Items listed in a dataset
"""
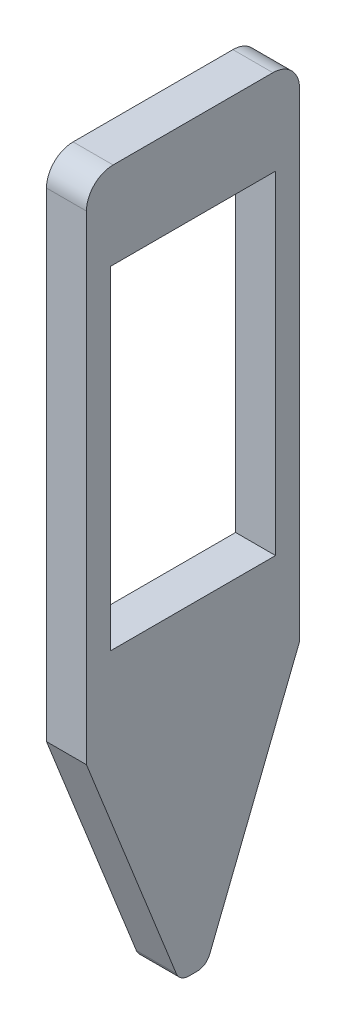
ISO-10303-21;
HEADER;
FILE_DESCRIPTION(('STEP AP214'),'2;1');
FILE_NAME('part.step','',(''),(''),'','','');
FILE_SCHEMA(('AUTOMOTIVE_DESIGN { 1 0 10303 214 1 1 1 1 }'));
ENDSEC;
DATA;
#1=APPLICATION_CONTEXT('core data for automotive mechanical design processes');
#2=APPLICATION_PROTOCOL_DEFINITION('international standard','automotive_design',2000,#1);
#3=PRODUCT_CONTEXT('',#1,'mechanical');
#4=PRODUCT('Part','Part','',(#3));
#5=PRODUCT_RELATED_PRODUCT_CATEGORY('part','',(#4));
#6=PRODUCT_DEFINITION_FORMATION('','',#4);
#7=PRODUCT_DEFINITION_CONTEXT('part definition',#1,'design');
#8=PRODUCT_DEFINITION('design','',#6,#7);
#9=PRODUCT_DEFINITION_SHAPE('','',#8);
#10=(LENGTH_UNIT() NAMED_UNIT(*) SI_UNIT(.MILLI.,.METRE.));
#11=(NAMED_UNIT(*) PLANE_ANGLE_UNIT() SI_UNIT($,.RADIAN.));
#12=(NAMED_UNIT(*) SI_UNIT($,.STERADIAN.) SOLID_ANGLE_UNIT());
#13=UNCERTAINTY_MEASURE_WITH_UNIT(LENGTH_MEASURE(1.E-05),#10,'distance_accuracy_value','');
#14=(GEOMETRIC_REPRESENTATION_CONTEXT(3) GLOBAL_UNCERTAINTY_ASSIGNED_CONTEXT((#13)) GLOBAL_UNIT_ASSIGNED_CONTEXT((#10,
#11,#12)) REPRESENTATION_CONTEXT('',''));
#15=CARTESIAN_POINT('',(0.,0.,0.));
#16=DIRECTION('',(0.,0.,1.));
#17=DIRECTION('',(1.,0.,0.));
#18=AXIS2_PLACEMENT_3D('',#15,#16,#17);
#19=CARTESIAN_POINT('',(3.,-35.5938181351517,0.321624405634838));
#20=DIRECTION('',(-1.,0.,0.));
#21=DIRECTION('',(0.,0.,1.));
#22=AXIS2_PLACEMENT_3D('',#19,#20,#21);
#23=PLANE('',#22);
#24=DIRECTION('',(0.,0.,1.));
#25=VECTOR('',#24,1.);
#26=CARTESIAN_POINT('',(3.,19.,8.));
#27=LINE('',#26,#25);
#28=CARTESIAN_POINT('',(3.,19.,-6.));
#29=VERTEX_POINT('',#28);
#30=CARTESIAN_POINT('',(3.,19.,6.));
#31=VERTEX_POINT('',#30);
#32=EDGE_CURVE('E185',#29,#31,#27,.T.);
#33=ORIENTED_EDGE('',*,*,#32,.T.);
#34=CARTESIAN_POINT('',(3.,17.,6.));
#35=DIRECTION('',(-1.,0.,0.));
#36=DIRECTION('',(0.,0.,1.));
#37=AXIS2_PLACEMENT_3D('',#34,#35,#36);
#38=CIRCLE('',#37,2.);
#39=CARTESIAN_POINT('',(3.,17.,8.));
#40=VERTEX_POINT('',#39);
#41=EDGE_CURVE('E43',#31,#40,#38,.F.);
#42=ORIENTED_EDGE('',*,*,#41,.T.);
#43=DIRECTION('',(0.,-1.,0.));
#44=VECTOR('',#43,1.);
#45=CARTESIAN_POINT('',(3.,19.,8.));
#46=LINE('',#45,#44);
#47=CARTESIAN_POINT('',(3.,-19.,8.));
#48=VERTEX_POINT('',#47);
#49=EDGE_CURVE('E187',#40,#48,#46,.T.);
#50=ORIENTED_EDGE('',*,*,#49,.T.);
#51=DIRECTION('',(0.,-0.929158524502118,-0.369681533681419));
#52=VECTOR('',#51,1.);
#53=CARTESIAN_POINT('',(3.,-19.,8.));
#54=LINE('',#53,#52);
#55=CARTESIAN_POINT('',(3.,-35.9634996688331,1.25078293013696));
#56=VERTEX_POINT('',#55);
#57=EDGE_CURVE('E189',#48,#56,#54,.T.);
#58=ORIENTED_EDGE('',*,*,#57,.T.);
#59=CARTESIAN_POINT('',(3.,-35.5938181351517,0.321624405634838));
#60=DIRECTION('',(1.,0.,0.));
#61=DIRECTION('',(0.,0.,1.));
#62=AXIS2_PLACEMENT_3D('',#59,#60,#61);
#63=CIRCLE('',#62,1.);
#64=CARTESIAN_POINT('',(3.,-36.5938181351517,0.321624405634838));
#65=VERTEX_POINT('',#64);
#66=EDGE_CURVE('E191',#56,#65,#63,.T.);
#67=ORIENTED_EDGE('',*,*,#66,.T.);
#68=DIRECTION('',(0.,0.,-1.));
#69=VECTOR('',#68,1.);
#70=CARTESIAN_POINT('',(3.,-36.5938181351517,0.321624405634838));
#71=LINE('',#70,#69);
#72=CARTESIAN_POINT('',(3.,-36.5938181351517,-0.321624405634838));
#73=VERTEX_POINT('',#72);
#74=EDGE_CURVE('E193',#65,#73,#71,.T.);
#75=ORIENTED_EDGE('',*,*,#74,.T.);
#76=CARTESIAN_POINT('',(3.,-35.5938181351517,-0.321624405634838));
#77=DIRECTION('',(1.,0.,0.));
#78=DIRECTION('',(0.,0.,1.));
#79=AXIS2_PLACEMENT_3D('',#76,#77,#78);
#80=CIRCLE('',#79,1.);
#81=CARTESIAN_POINT('',(3.,-35.9634996688331,-1.25078293013696));
#82=VERTEX_POINT('',#81);
#83=EDGE_CURVE('E195',#73,#82,#80,.T.);
#84=ORIENTED_EDGE('',*,*,#83,.T.);
#85=DIRECTION('',(0.,0.929158524502118,-0.369681533681419));
#86=VECTOR('',#85,1.);
#87=CARTESIAN_POINT('',(3.,-35.9634996688331,-1.25078293013696));
#88=LINE('',#87,#86);
#89=CARTESIAN_POINT('',(3.,-19.,-8.));
#90=VERTEX_POINT('',#89);
#91=EDGE_CURVE('E179',#82,#90,#88,.T.);
#92=ORIENTED_EDGE('',*,*,#91,.T.);
#93=DIRECTION('',(0.,1.,0.));
#94=VECTOR('',#93,1.);
#95=CARTESIAN_POINT('',(3.,19.,-8.));
#96=LINE('',#95,#94);
#97=CARTESIAN_POINT('',(3.,17.,-8.));
#98=VERTEX_POINT('',#97);
#99=EDGE_CURVE('E182',#90,#98,#96,.T.);
#100=ORIENTED_EDGE('',*,*,#99,.T.);
#101=CARTESIAN_POINT('',(3.,17.,-6.));
#102=DIRECTION('',(-1.,0.,0.));
#103=DIRECTION('',(0.,0.,1.));
#104=AXIS2_PLACEMENT_3D('',#101,#102,#103);
#105=CIRCLE('',#104,2.);
#106=EDGE_CURVE('E241',#98,#29,#105,.F.);
#107=ORIENTED_EDGE('',*,*,#106,.T.);
#108=EDGE_LOOP('',(#33,#42,#50,#58,#67,#75,#84,#92,#100,#107));
#109=FACE_BOUND('',#108,.T.);
#110=DIRECTION('',(0.,1.,0.));
#111=VECTOR('',#110,1.);
#112=CARTESIAN_POINT('',(3.,12.5,-6.2));
#113=LINE('',#112,#111);
#114=CARTESIAN_POINT('',(3.,-12.5,-6.2));
#115=VERTEX_POINT('',#114);
#116=CARTESIAN_POINT('',(3.,12.5,-6.2));
#117=VERTEX_POINT('',#116);
#118=EDGE_CURVE('E138',#115,#117,#113,.T.);
#119=ORIENTED_EDGE('',*,*,#118,.F.);
#120=DIRECTION('',(0.,0.,-1.));
#121=VECTOR('',#120,1.);
#122=CARTESIAN_POINT('',(3.,-12.5,6.2));
#123=LINE('',#122,#121);
#124=CARTESIAN_POINT('',(3.,-12.5,6.2));
#125=VERTEX_POINT('',#124);
#126=EDGE_CURVE('E163',#125,#115,#123,.T.);
#127=ORIENTED_EDGE('',*,*,#126,.F.);
#128=DIRECTION('',(0.,-1.,0.));
#129=VECTOR('',#128,1.);
#130=CARTESIAN_POINT('',(3.,12.5,6.2));
#131=LINE('',#130,#129);
#132=CARTESIAN_POINT('',(3.,12.5,6.2));
#133=VERTEX_POINT('',#132);
#134=EDGE_CURVE('E161',#133,#125,#131,.T.);
#135=ORIENTED_EDGE('',*,*,#134,.F.);
#136=DIRECTION('',(0.,0.,1.));
#137=VECTOR('',#136,1.);
#138=CARTESIAN_POINT('',(3.,12.5,6.2));
#139=LINE('',#138,#137);
#140=EDGE_CURVE('E148',#117,#133,#139,.T.);
#141=ORIENTED_EDGE('',*,*,#140,.F.);
#142=EDGE_LOOP('',(#119,#127,#135,#141));
#143=FACE_BOUND('',#142,.T.);
#144=ADVANCED_FACE('F35',(#109,#143),#23,.F.);
#145=CARTESIAN_POINT('',(0.,-35.5938181351517,0.321624405634838));
#146=DIRECTION('',(-1.,0.,0.));
#147=DIRECTION('',(0.,0.,1.));
#148=AXIS2_PLACEMENT_3D('',#145,#146,#147);
#149=PLANE('',#148);
#150=DIRECTION('',(0.,-1.,0.));
#151=VECTOR('',#150,1.);
#152=CARTESIAN_POINT('',(0.,19.,8.));
#153=LINE('',#152,#151);
#154=CARTESIAN_POINT('',(0.,17.,8.));
#155=VERTEX_POINT('',#154);
#156=CARTESIAN_POINT('',(0.,-19.,8.));
#157=VERTEX_POINT('',#156);
#158=EDGE_CURVE('E204',#155,#157,#153,.T.);
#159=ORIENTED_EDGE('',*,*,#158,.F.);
"""
EXERCISE
One stretch of the lines above is wanted, from the line that contains "#12=(NAMED_UNIT(*) SI_UNIT($,.STERADIAN.) SOLID_ANGLE_UNIT());" through the line that contains "#16=DIRECTION('',(0.,0.,1.));". Output it exactly.

YOUR RESPONSE
#12=(NAMED_UNIT(*) SI_UNIT($,.STERADIAN.) SOLID_ANGLE_UNIT());
#13=UNCERTAINTY_MEASURE_WITH_UNIT(LENGTH_MEASURE(1.E-05),#10,'distance_accuracy_value','');
#14=(GEOMETRIC_REPRESENTATION_CONTEXT(3) GLOBAL_UNCERTAINTY_ASSIGNED_CONTEXT((#13)) GLOBAL_UNIT_ASSIGNED_CONTEXT((#10,
#11,#12)) REPRESENTATION_CONTEXT('',''));
#15=CARTESIAN_POINT('',(0.,0.,0.));
#16=DIRECTION('',(0.,0.,1.));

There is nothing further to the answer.